A Novel Dual-Band Implantable Antenna for Pancreas Telemetry Sensor Applications

by Maria Matthaiou, Stavros Koulouridis and Stavros Kotsopoulos

Telecom 2022, 3(1), 1-16; https://doi.org/10.3390/telecom3010001 - 1 Jan 2022

Cited by 6 | Viewed by 3460

Abstract

In this study, a novel implantable dual-band planar inverted F-antenna (PIFA) is proposed and designed for wireless biotelemetry. The developed antenna is intended to operate on the surface of the pancreas within the Medical Device Radiocommunications Service (MedRadio 401–406 MHz) and the industrial scientific and medical band (ISM, 2.4–2.5 GHz). The design analysis was carried out in two steps, initially inside a canonical model representing the pancreas, based on a finite element method (FEM) numerical solver.
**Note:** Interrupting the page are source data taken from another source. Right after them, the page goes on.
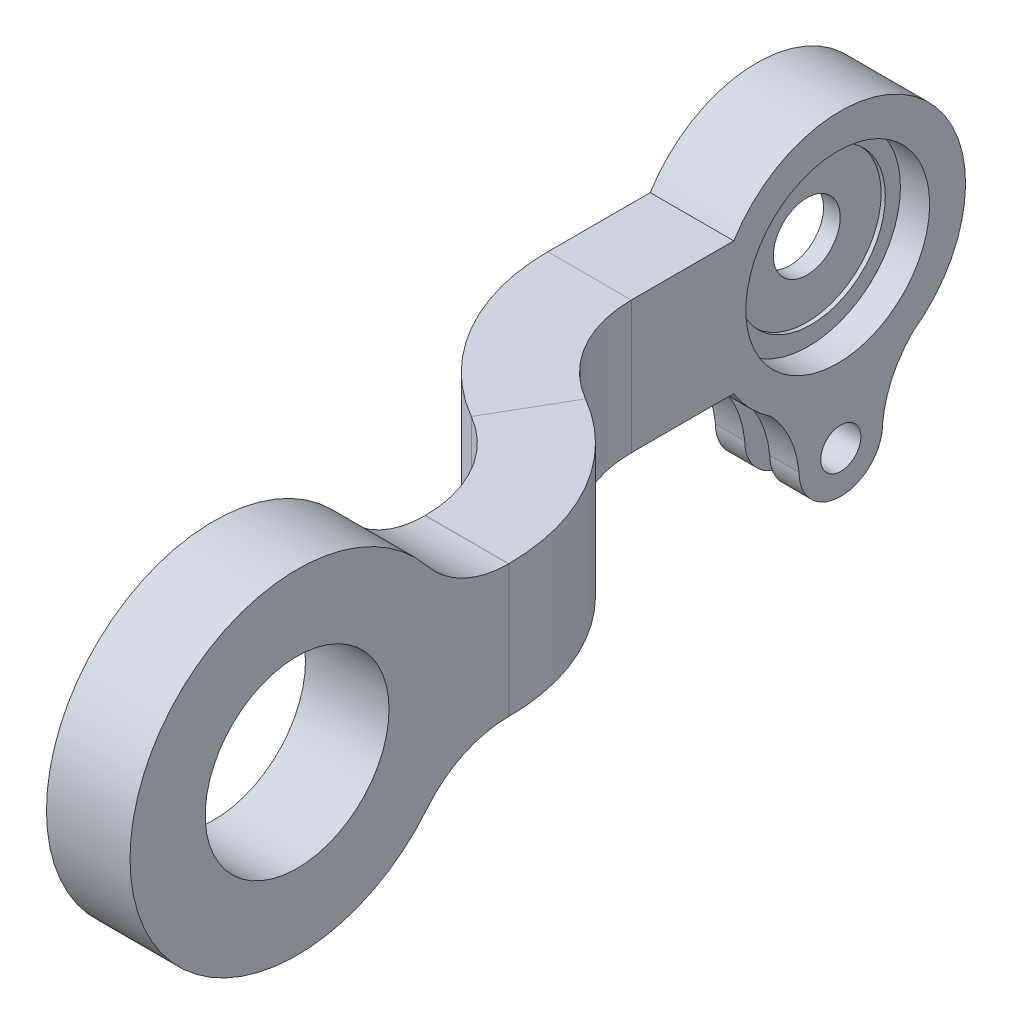
from build123d import *

# Parameters (mm, degrees)
CROQUIS2_W              = 10
CROQUIS2_H              = 15.834903248
CROQUIS4_R              = 15
SALIENTE_EXTRUIR1_DEPTH = 10
CROQUIS5_R              = 20
SALIENTE_EXTRUIR2_DEPTH = 10
SALIENTE_EXTRUIR5_DEPTH = 3.5
CROQUIS13_R             = 2.5
CORTAR_EXTRUIR1_DEPTH   = 10
SIMETR_A3_COPY_1_DEPTH  = 3.5
CORTAR_EXTRUIR5_DEPTH   = 10
CROQUIS21_R             = 2.4
CORTAR_EXTRUIR6_DEPTH   = 10
CROQUIS7_R              = 11
CORTAR_EXTRUIR7_DEPTH   = 10
REDONDEO1_R             = 12.5
REDONDEO2_R             = 12.5
CROQUIS22_R             = 11.5
CORTAR_EXTRUIR8_DEPTH   = 4
CROQUIS6_R              = 4
CORTAR_EXTRUIR9_DEPTH   = 8
CROQUIS23_R             = 11
CORTAR_EXTRUIR10_DEPTH  = 4
CROQUIS24_R             = 11.295388062
CROQUIS24_R_2           = 8.9
SALIENTE_EXTRUIR6_DEPTH = 0.5
SALIENTE_EXTRUIR7_START = 0.5
CROQUIS25_R             = 11.5
CROQUIS25_R_2           = 8.9
SALIENTE_EXTRUIR7_DEPTH = 0.5


with BuildPart() as part:
    # Barrer1: sweep along a path in Croquis1
    with BuildLine(Plane(origin=(0, 0, 0), x_dir=(1, 0, 0), z_dir=(0, 1, 0))) as barrer1_path:
        Line((-20, 85), (-20, 60))
        ThreePointArc((-20, 60), (-17.320508076, 50), (-10, 42.679491924))
        ThreePointArc((-10, 42.679491924), (-2.679491924, 35.358983849), (0, 25.358983849))
        Line((0, 25.358983849), (0, 0))
    # Croquis2 → Barrer1 (sweep)
    with BuildSketch(Plane.XY):
        Rectangle(CROQUIS2_W, CROQUIS2_H)
    sweep(path=barrer1_path.line)

    # Croquis4 → Saliente-Extruir1 (add)
    with BuildSketch(Plane(origin=(-15, 0, 0), x_dir=(0, 0, -1), z_dir=(1, 0, 0))):
        with Locations((85, 0)):
            Circle(CROQUIS4_R)
    extrude(amount=-SALIENTE_EXTRUIR1_DEPTH)

    # Croquis5 → Saliente-Extruir2 (add)
    with BuildSketch(Plane(origin=(5, 0, 0), x_dir=(0, 0, -1), z_dir=(1, 0, 0))):
        Circle(CROQUIS5_R)
    extrude(amount=-SALIENTE_EXTRUIR2_DEPTH)

    # Croquis12 → Saliente-Extruir5 (add)
    with BuildSketch(Plane(origin=(-15, 0, 0), x_dir=(0, 0, -1), z_dir=(1, 0, 0))):
        with BuildLine():
            ThreePointArc((90.068496439, 19.972615481), (85.068496439, 24.972615481), (80.068496439, 19.972615481))
            add(Edge.make_bspline(
                [(80.068496439, 19.972615481), (79.566731031, 15.028252388), (75.848465439, 11.643922813)],
                knots=[0, 0, 0, 1, 1, 1], degree=2))
            ThreePointArc((75.848465439, 11.643922813), (85.068496439, 14.846363713), (94.288527439, 11.643922813))
            add(Edge.make_bspline(
                [(90.068496439, 19.972615481), (90.570261847, 15.028252388), (94.288527439, 11.643922813)],
                knots=[0, 0, 0, 1, 1, 1], degree=2))
        make_face()
    saliente_extruir5 = extrude(amount=-SALIENTE_EXTRUIR5_DEPTH)

    # Simetría1: Saliente-Extruir5 across plane
    add(saliente_extruir5.mirror(Plane(origin=(-20, 0, 0), x_dir=(0, 0, 1), z_dir=(1, 0, 0))))

    # Croquis13 → Cortar-Extruir1 (cut)
    with BuildSketch(Plane(origin=(-15, 0, 0), x_dir=(0, 0, -1), z_dir=(1, 0, 0))):
        with Locations((85.068496439, 19.972615481)):
            Circle(CROQUIS13_R)
    extrude(amount=-CORTAR_EXTRUIR1_DEPTH, mode=Mode.SUBTRACT)

    # Simetría3: Saliente-Extruir5 across plane
    add(saliente_extruir5.mirror(Plane.ZX))

    # Simetría3 copy 1 sketch → Simetría3 copy 1 (add)
    with BuildSketch(Plane(origin=(-25, 0, 0), x_dir=(0, 0, -1), z_dir=(-1, 0, 0))):
        with BuildLine():
            ThreePointArc((90.068496439, 19.972615481), (85.068496439, 24.972615481), (80.068496439, 19.972615481))
            add(Edge.make_bspline(
                [(80.068496439, 19.972615481), (79.566731031, 15.028252388), (75.848465439, 11.643922813)],
                knots=[0, 0, 0, 1, 1, 1], degree=2))
            ThreePointArc((75.848465439, 11.643922813), (85.068496439, 14.846363713), (94.288527439, 11.643922813))
            add(Edge.make_bspline(
                [(90.068496439, 19.972615481), (90.570261847, 15.028252388), (94.288527439, 11.643922813)],
                knots=[0, 0, 0, 1, 1, 1], degree=2))
        make_face()
    extrude(amount=-SIMETR_A3_COPY_1_DEPTH)

    # Croquis20 → Cortar-Extruir5 (cut)
    with BuildSketch(Plane(origin=(-15, 0, 0), x_dir=(0, 0, -1), z_dir=(1, 0, 0))):
        with BuildLine():
            Line((75.916830569, 25.735778906), (95.172377376, 25.735778906))
            Line((95.172377376, 25.735778906), (95.172377376, 11.023735234))
            ThreePointArc((95.172377376, 11.023735234), (85.710763224, 14.983151058), (75.916830569, 11.93717023))
            Line((75.916830569, 11.93717023), (75.916830569, 25.735778906))
        make_face()
    extrude(amount=-CORTAR_EXTRUIR5_DEPTH, mode=Mode.SUBTRACT)

    # Croquis21 → Cortar-Extruir6 (cut)
    with BuildSketch(Plane.ZY.offset(25)):
        with Locations((-85.068496439, -19.972615481)):
            Circle(CROQUIS21_R)
    extrude(amount=-CORTAR_EXTRUIR6_DEPTH, mode=Mode.SUBTRACT)

    # Croquis7 → Cortar-Extruir7 (cut)
    with BuildSketch(Plane(origin=(5, 0, 0), x_dir=(0, 0, -1), z_dir=(1, 0, 0))):
        Circle(CROQUIS7_R)
    extrude(amount=-CORTAR_EXTRUIR7_DEPTH, mode=Mode.SUBTRACT)

    # Redondeo1
    redondeo1_edges = [part.edges().sort_by_distance(p)[0] for p in [
        (0, -7.917451624, -18.366108999),
    ]]
    fillet(redondeo1_edges, radius=REDONDEO1_R)

    # Redondeo2
    redondeo2_edges = [part.edges().sort_by_distance(p)[0] for p in [
        (0, 7.917451624, -18.366108999),
    ]]
    fillet(redondeo2_edges, radius=REDONDEO2_R)

    # Croquis22 → Cortar-Extruir8 (cut)
    with BuildSketch(Plane.ZY.offset(25)):
        with Locations((-85, 0)):
            Circle(CROQUIS22_R)
    extrude(amount=-CORTAR_EXTRUIR8_DEPTH, mode=Mode.SUBTRACT)

    # Croquis6 → Cortar-Extruir9 (cut)
    with BuildSketch(Plane(origin=(-15, 0, 0), x_dir=(0, 0, -1), z_dir=(1, 0, 0))):
        with Locations((85, 0)):
            Circle(CROQUIS6_R)
    extrude(amount=-CORTAR_EXTRUIR9_DEPTH, mode=Mode.SUBTRACT)

    # Croquis23 → Cortar-Extruir10 (cut)
    with BuildSketch(Plane(origin=(-15, 0, 0), x_dir=(0, 0, -1), z_dir=(1, 0, 0))):
        with Locations((84.704611938, 0)):
            Circle(CROQUIS23_R)
    extrude(amount=-CORTAR_EXTRUIR10_DEPTH, mode=Mode.SUBTRACT)

    # Croquis24 → Saliente-Extruir6 (add)
    with BuildSketch(Plane(origin=(-19, 0, 0), x_dir=(0, 0, -1), z_dir=(1, 0, 0))):
        with Locations((85, 0)):
            Circle(CROQUIS24_R)
        with Locations((85, 0)):
            Circle(CROQUIS24_R_2, mode=Mode.SUBTRACT)
    extrude(amount=SALIENTE_EXTRUIR6_DEPTH)

    # Croquis25 → Saliente-Extruir7 (add)
    with BuildSketch(Plane.ZY.offset(21).offset(SALIENTE_EXTRUIR7_START)):
        with Locations((-85, 0)):
            Circle(CROQUIS25_R)
        with Locations(Location((-85, 0, 0), (0, 0, 180))):
            Circle(CROQUIS25_R_2, mode=Mode.SUBTRACT)
    extrude(amount=-SALIENTE_EXTRUIR7_DEPTH)


solid = part.part

The proposed antenna was further simulated inside the human body taking into account the corresponding dimensions of the tissues and the electrical properties at the frequencies of interest using a finite-difference time-domain (FDTD) numerical solver. Resonance, radiation performance, electrical field attenuation, total radiated power, and specific absorption rate (SAR), which determines the safety of the patient and the maximum permissible input power and other electromagnetic parameters, are presented and evaluated. Full article

(This article belongs to the Special Issue Modern Circuits and Systems Technologies on Communications 2021)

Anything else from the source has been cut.